As far as filling out Section T for projected minutes of therapy goes, you'll only see a small technical change."Therapists fill out Section T1b, c, and d on the MDS 2.0, and those items will simply be under Section TO100a, b,c, and d on version 3.0," Shephard says.
Section J, K, Changes Good for Therapy Team
Although therapists don't fill out sections J and K, the MDS 3.0 has changes here that'll help the rehab team. For starters, "in Section K, CMS added a lot more specific questions on the signs and symptoms of swallowing disorders," Judd points out. "So we may be able to identify speech problems earlier and more accurately and get therapy started sooner."
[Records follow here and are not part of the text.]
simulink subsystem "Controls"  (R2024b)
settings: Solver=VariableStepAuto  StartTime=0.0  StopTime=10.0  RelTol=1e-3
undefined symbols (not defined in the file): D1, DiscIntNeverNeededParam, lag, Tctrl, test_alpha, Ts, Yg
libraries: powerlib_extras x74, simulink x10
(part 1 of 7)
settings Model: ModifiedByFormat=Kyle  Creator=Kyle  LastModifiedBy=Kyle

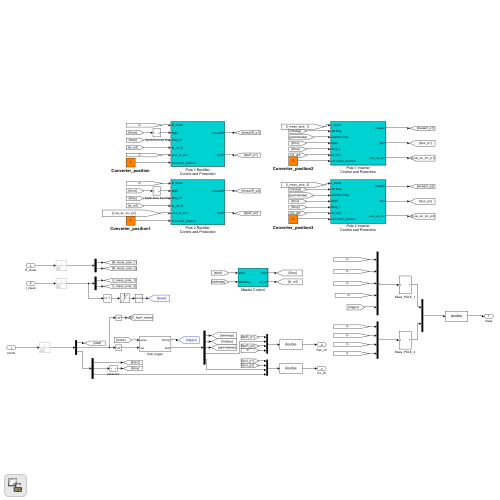
[thumbnail: Simulink's stored preview of the top-level diagram]
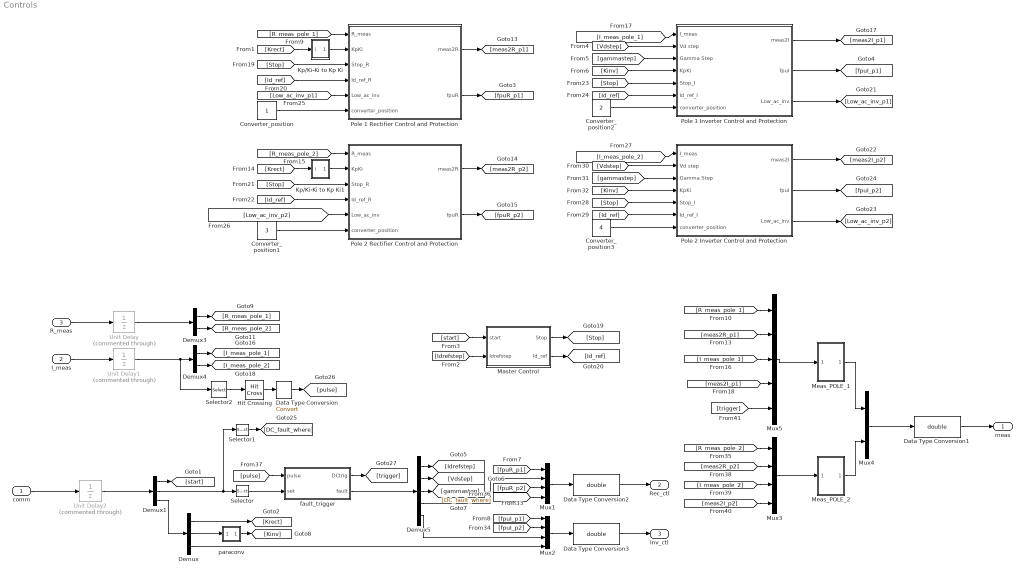
== system Controls ==
  comm : Inport
  I_meas : Inport  Port=2
  R_meas : Inport  Port=3
  Converter_position : Constant
  Converter_position1 : Constant  Value=3
  Converter_position2 : Constant  Value=2
  Converter_position3 : Constant  Value=4
  Data Type Conversion : DataTypeConversion  SaturateOnIntegerOverflow=off  RndMeth=Floor
  Data Type Conversion1 : DataTypeConversion  OutDataTypeStr=double  SaturateOnIntegerOverflow=off  RndMeth=Floor  LockScale=on
  Data Type Conversion2 : DataTypeConversion  OutDataTypeStr=double  SaturateOnIntegerOverflow=off  RndMeth=Floor
  Data Type Conversion3 : DataTypeConversion  OutDataTypeStr=double  SaturateOnIntegerOverflow=off  RndMeth=Floor  LockScale=on
  Demux : Demux  Outputs=[2 6 5]
  Demux1 : Demux  Outputs=[1 16 13]
  Demux3 : Demux  Outputs=[14 14]
  Demux4 : Demux  Outputs=[24 24]
  Demux5 : Demux  Outputs=[1 1 1 2 3]
  Hit Crossing : HitCross  HitCrossingDirection=rising
  Kp/Ki-Ki to Kp Ki : Subsystem
  Kp/Ki-Ki to Kp Ki1 : Subsystem
  Master Control : Subsystem
  Meas_POLE_1 : Subsystem
  Meas_POLE_2 : Subsystem
  Mux1 : Mux  Inputs=[6 2 6 1]
  Mux2 : Mux  Inputs=[6 6 3 5]
  Mux3 : Mux  Inputs=[14 6 24 12 ]
  Mux4 : Mux  Inputs=[57 56]
  Mux5 : Mux  Inputs=[14 6 24 12 1]
  Pole 1 Inverter Control and Protection : Subsystem
  Pole 1 Rectifier Control and Protection : Subsystem
  Pole 2 Inverter Control and Protection : Subsystem
  Pole 2 Rectifier Control and Protection : Subsystem
  Selector : Selector  IndexOptions=Index vector (dialog)  Indices=[1:4, 6:16]  OutputSizes=1
  Selector1 : Selector  IndexOptions=Index vector (dialog)  Indices=[5]  OutputSizes=1
  Selector2 : Selector  IndexOptions=Index vector (dialog)  Indices=1  OutputSizes=1
  Unit Delay : UnitDelay  Commented=through  SampleTime=Ts  HasFrameUpgradeWarning=on
  Unit Delay1 : UnitDelay  Commented=through  SampleTime=Ts  HasFrameUpgradeWarning=on
  Unit Delay2 : UnitDelay  Commented=through  SampleTime=Ts  HasFrameUpgradeWarning=on
  fault_trigger : Subsystem
  paraconv : Subsystem
  meas : Outport
  Rec_ctl : Outport  Port=2
  Inv_ctl : Outport  Port=3
  wires:
  Demux1/1 -> [start]
  [start] -> Master Control/1(start)
  [Idrefstep] -> Master Control/2(Idrefstep)
  [Vdstep] -> Pole 1 Inverter Control and Protection/2(Vd step)
  [gammastep] -> Pole 1 Inverter Control and Protection/3(Gamma Step)
  Pole 1 Inverter Control and Protection/2(fpuI) -> [fpuI_p1]
  Pole 1 Rectifier Control and Protection/2(fpuR) -> [fpuR_p1]
  [Kinv] -> Pole 1 Inverter Control and Protection/4(KpKi)
  Kp/Ki-Ki to Kp Ki/1(o) -> Pole 1 Rectifier Control and Protection/2(KpKi)
  Demux/3 -> Mux2/4
  Demux1/3 -> Demux/1
  [Krect] -> Kp/Ki-Ki to Kp Ki/1(i)
  Demux/1 -> [Krect]
  Demux/2 -> paraconv/1(In1)
  comm/1 -> Unit Delay2/1
  Demux5/1 -> [Idrefstep]
  Demux5/2 -> [Vdstep]
  Demux5/3 -> [gammastep]
  Demux1/2 -> Selector1/1, Selector/1
  paraconv/1(Out1) -> [Kinv]
  [fpuR_p1] -> Mux1/1
  [fpuI_p1] -> Mux2/1
  Demux5/5 -> Mux2/3
  R_meas/1 -> Unit Delay/1
  I_meas/1 -> Unit Delay1/1
  Mux5/1 -> Meas_POLE_1/1(In1)
  Demux3/1 -> [R_meas_pole_1]
  Demux3/2 -> [R_meas_pole_2]
  [R_meas_pole_1] -> Mux5/1
  [R_meas_pole_1] -> Pole 1 Rectifier Control and Protection/1(R_meas)
  Pole 1 Rectifier Control and Protection/1(meas2R) -> [meas2R_p1]
  [meas2R_p1] -> Mux5/2
  Converter_position/1 -> Pole 1 Rectifier Control and Protection/6(converter_position)
  Pole 2 Rectifier Control and Protection/2(fpuR) -> [fpuR_p2]
  Kp/Ki-Ki to Kp Ki1/1(o) -> Pole 2 Rectifier Control and Protection/2(KpKi)
  [Krect] -> Kp/Ki-Ki to Kp Ki1/1(i)
  [R_meas_pole_2] -> Pole 2 Rectifier Control and Protection/1(R_meas)
  Pole 2 Rectifier Control and Protection/1(meas2R) -> [meas2R_p2]
  Converter_position1/1 -> Pole 2 Rectifier Control and Protection/6(converter_position)
  Demux4/1 -> [I_meas_pole_1]
  [I_meas_pole_1] -> Mux5/3
  [I_meas_pole_1] -> Pole 1 Inverter Control and Protection/1(I_meas)
  Pole 1 Inverter Control and Protection/1(meas2I) -> [meas2I_p1]
  [meas2I_p1] -> Mux5/4
  Demux4/2 -> [I_meas_pole_2]
  Converter_position2/1 -> Pole 1 Inverter Control and Protection/7(converter_position)
  Master Control/2(Id_ref) -> [Id_ref]
  Master Control/1(Stop) -> [Stop]
  Pole 1 Inverter Control and Protection/3(Low_ac_inv) -> [Low_ac_inv_p1]
  [Low_ac_inv_p1] -> Pole 1 Rectifier Control and Protection/5(Low_ac_inv)
  [Low_ac_inv_p2] -> Pole 2 Rectifier Control and Protection/5(Low_ac_inv)
  [Vdstep] -> Pole 2 Inverter Control and Protection/2(Vd step)
  [gammastep] -> Pole 2 Inverter Control and Protection/3(Gamma Step)
  Pole 2 Inverter Control and Protection/2(fpuI) -> [fpuI_p2]
  [Kinv] -> Pole 2 Inverter Control and Protection/4(KpKi)
  [I_meas_pole_2] -> Pole 2 Inverter Control and Protection/1(I_meas)
  Pole 2 Inverter Control and Protection/1(meas2I) -> [meas2I_p2]
  Converter_position3/1 -> Pole 2 Inverter Control and Protection/7(converter_position)
  Pole 2 Inverter Control and Protection/3(Low_ac_inv) -> [Low_ac_inv_p2]
  [fpuI_p2] -> Mux2/2
  Mux3/1 -> Meas_POLE_2/1(In1)
  [R_meas_pole_2] -> Mux3/1
  [meas2R_p2] -> Mux3/2
  [I_meas_pole_2] -> Mux3/3
  [meas2I_p2] -> Mux3/4
  Meas_POLE_1/1(Out1) -> Mux4/1
  Meas_POLE_2/1(Out1) -> Mux4/2
  Mux4/1 -> Data Type Conversion1/1
  [Stop] -> Pole 2 Rectifier Control and Protection/3(Stop_R)
  [Id_ref] -> Pole 2 Rectifier Control and Protection/4(Id_ref_R)
  [Id_ref] -> Pole 1 Inverter Control and Protection/6(Id_ref_I)
  [Stop] -> Pole 1 Inverter Control and Protection/5(Stop_I)
  [Stop] -> Pole 2 Inverter Control and Protection/5(Stop_I)
  [Id_ref] -> Pole 2 Inverter Control and Protection/6(Id_ref_I)
  [fpuR_p2] -> Mux1/3
  Demux5/4 -> Mux1/2
  [Stop] -> Pole 1 Rectifier Control and Protection/3(Stop_R)
  [Id_ref] -> Pole 1 Rectifier Control and Protection/4(Id_ref_R)
  Selector/1 -> fault_trigger/2(set)
  [DC_fault_where] -> Mux1/4
  Selector1/1 -> [DC_fault_where]
  fault_trigger/2(fault) -> Demux5/1
  fault_trigger/1(DCtrig) -> [trigger]
  [pulse] -> fault_trigger/1(pulse)
  [trigger] -> Mux5/5
  Hit Crossing/1 -> Data Type Conversion/1
  Data Type Conversion/1 -> [pulse]
  Selector2/1 -> Hit Crossing/1
  Unit Delay/1 -> Demux3/1
  Unit Delay1/1 -> Demux4/1, Selector2/1
  Unit Delay2/1 -> Demux1/1
  Data Type Conversion1/1 -> meas/1
  Mux2/1 -> Data Type Conversion3/1
  Mux1/1 -> Data Type Conversion2/1
  Data Type Conversion2/1 -> Rec_ctl/1
  Data Type Conversion3/1 -> Inv_ctl/1

== system Controls/Kp//Ki-Ki to Kp Ki ==
  i : Inport
  Mux3 : Mux  Inputs=2
  Product11 : Product  Inputs=1  RndMeth=Zero
  Selector12 : Selector  InputPortWidth=2  IndexOptions=Index vector (dialog)  Indices=2  OutputSizes=1
  o : Outport
  wires:
  Mux3/1 -> o/1
  Selector12/1 -> Mux3/2
  Product11/1 -> Mux3/1
  i/1 -> Product11/1, Selector12/1

== system Controls/Kp//Ki-Ki to Kp Ki1 ==
  i : Inport
  Mux3 : Mux  Inputs=2
  Product11 : Product  Inputs=1  RndMeth=Zero
  Selector12 : Selector  InputPortWidth=2  IndexOptions=Index vector (dialog)  Indices=2  OutputSizes=1
  o : Outport
  wires:
  Mux3/1 -> o/1
  Selector12/1 -> Mux3/2
  Product11/1 -> Mux3/1
  i/1 -> Product11/1, Selector12/1

== system Controls/Master Control ==
  note: Master Control
  start : Inport
  Idrefstep : Inport  Port=2
  Constant : Constant  Value=0
  Discrete Monostable1 : powerlib_extras/Discrete  Control Blocks/Discrete Monostable  EdgeDetect=Rising  t_mono=0.1  ic=0  Ts=Tctrl
  Informations : Subsystem
      mask Display: disp('?')
  Product : Product  RndMeth=Zero
  Start/Stop : Subsystem  mask(Start/Stop  & Ramping){Min_ref=0.1, X_start=[0.3333, 0.02], X_up=[5.0, 0.4, 1.0], X_down=[-5.0,  1.4], T_stop=1.6, dt=Tctrl}
      mask prompts: Min_ref "Minimum Steady-State Current Reference (pu):"; X_start "{Start Ramp}: [Rate (pu/s), Time (s)]"; X_up "{Up Ramp}: [Rate (pu/s), Time (s), Final Value (pu)]"; X_down "{Down Ramp}: [Rate (-pu/s), Time (s)]"; T_stop "Stop Time (s):"; dt "Sample Time (s):"
      mask help:
      | At start-up, both converters are deblocked and ramped up to the minimum current (Minimum Steady-State Current Reference) with an adjustable rate (Start Ramp Rate) and application time (Start Ramp Time).
      |
      | After the system stabilisation the current is ramped up to its final value (Up Ramp Final Value) with an adjustable rate (Up Ramp Rate) and execution time (Up Ramp Time).
      |
      | Before stopping the converters (at Stop Time) the current is ramped down to the minimum current  with an adjustable rate (Down Ramp Rate) and execution time  (Down Ramp Time).
      |
      | At Stop Time the reference is ramped down to zero with the same rate used for the Start Ramp.
      mask init:
      | T_up = X_up(2); F_up = X_up(3); up_slope = X_up(1);
      | T_up_final =  T_up + (F_up - Min_ref)/up_slope;
      | 
      | T_down = X_down(2); F_down = Min_ref; down_slope = X_down(1);
      | T_down_final =   T_down + (F_down-F_up)/down_slope;
      | 
      | SS_ramp = X_start(1); T_start = X_start(2);
      | 
      | T_ramp  = [0, T_up, T_up_final,  T_down,  T_down_final, 9999]';
      | U_ramp = [0, 0, F_up-Min_ref,  F_up-Min_ref,  F_down- Min_ref,  F_down - Min_ref]';
      mask Display: disp('Start/Stop\n & Ramping')
  Step : Step  Time=0.1  SampleTime=Tctrl
  Sum : Sum  SaturateOnIntegerOverflow=on
  Sum1 : Sum  SaturateOnIntegerOverflow=on
  g : Gain  Gain=-0.2  SaturateOnIntegerOverflow=on  OutDataTypeStr=Inherit: Same as input  ParamDataTypeStr=Inherit: Same as input
  Stop : Outport
  Id_ref : Outport  Port=2
  wires:
  Start/Stop/2("Stop ") -> Stop/1
  Step/1 -> Product/1
  Product/1 -> Start/Stop/1(start)
  start/1 -> Product/2
  Idrefstep/1 -> Discrete Monostable1/1
  g/1 -> Sum1/2
  Discrete Monostable1/1 -> g/1
  Start/Stop/1(Id_ref_ramp) -> Sum/1
  Sum/1 -> Id_ref/1
  Sum1/1 -> Sum/2
  Constant/1 -> Sum1/1

== system Controls/Meas_POLE_1 ==
  In1 : Inport
  Demux1 : Demux  Outputs="[14 6 24 12  1]"
      settings: DisplayOption=none
  Demux3 : Demux  Outputs=12
      settings: DisplayOption=none
  Demux4 : Demux  Outputs=14
      settings: DisplayOption=none
  Demux5 : Demux  Outputs=6
      settings: DisplayOption=none
  Demux6 : Demux  Outputs=24
      settings: DisplayOption=none
  Mux1 : Mux  Inputs="[14 6 24 12  1]"
  Mux3 : Mux  Inputs=12
  Mux4 : Mux  Inputs=14
  Mux5 : Mux  Inputs=24
  Mux6 : Mux  Inputs=6
  Out1 : Outport
  wires:
  Demux6/24 -> Mux5/24  "Iac fault (A)"
  Demux4/14 -> Mux4/14  "Idc fault (A)"
  Demux1/2 -> Demux5/1
  Mux6/1 -> Mux1/2
  Demux5/1 -> Mux6/1  "Vdc_Rect (pu/500kV)"
  Demux5/2 -> Mux6/2  "Id_ref_limit_Rect"
  Demux5/3 -> Mux6/3  "alpha Rect (degree)"
  Demux5/4 -> Mux6/4  "Mode"
  Demux5/5 -> Mux6/5  "Low AC voltage Rect"
  Demux5/6 -> Mux6/6  "Forced alpha Rect"
  Demux1/1 -> Demux4/1
  Demux4/13 -> Mux4/13  "Vdc_neutral (pu/500kV)"
  Demux4/12 -> Mux4/12  "Ithy1 D Rect (pu/1kA)"
  Demux4/11 -> Mux4/11  "Vthy1 D Rect (pu/500kV)"
  Demux4/10 -> Mux4/10  "Ithy1 Y Rect (pu/1kA)"
  Demux4/9 -> Mux4/9  "Vthy1 Y Rect (pu/500kV)"
  Demux4/8 -> Mux4/8  "Id Rect (pu/1kA)"
  Demux4/7 -> Mux4/7  "Vdc Rect (pu/500kV)"
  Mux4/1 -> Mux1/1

New items include loss of fluids/solids in the mouth while eating or drinking, holding residual food in the mouth after meals, coughing or choking during meals, and difficulty or pain with swallowing, to name a few, Judd says.
Also helpful: Note that Section J takes a new approach to pain assessment. "Section J now talks about scheduled pain meds instead of just assessing the pain and how frequent it is, and nurses have to assess the pain more specifically, too," Judd notes. "PRN [as needed] pain management is not the best approach for most people that have pain, so the scheduled pain meds focus is going to help us be more successful with our therapy interventions."
Rehab Lows May Begin to Emerge
Although it's indirectly related to therapy, the MDS 3.0 made restorative care easier to capture and track, Judd points out. This could mean that when a resident gets toward the end of her treatment regimen, "we could perhaps taper down therapy and get a Rehab Low RUG category in that last assessment period," she says. "And we don't see those RUG categories very often."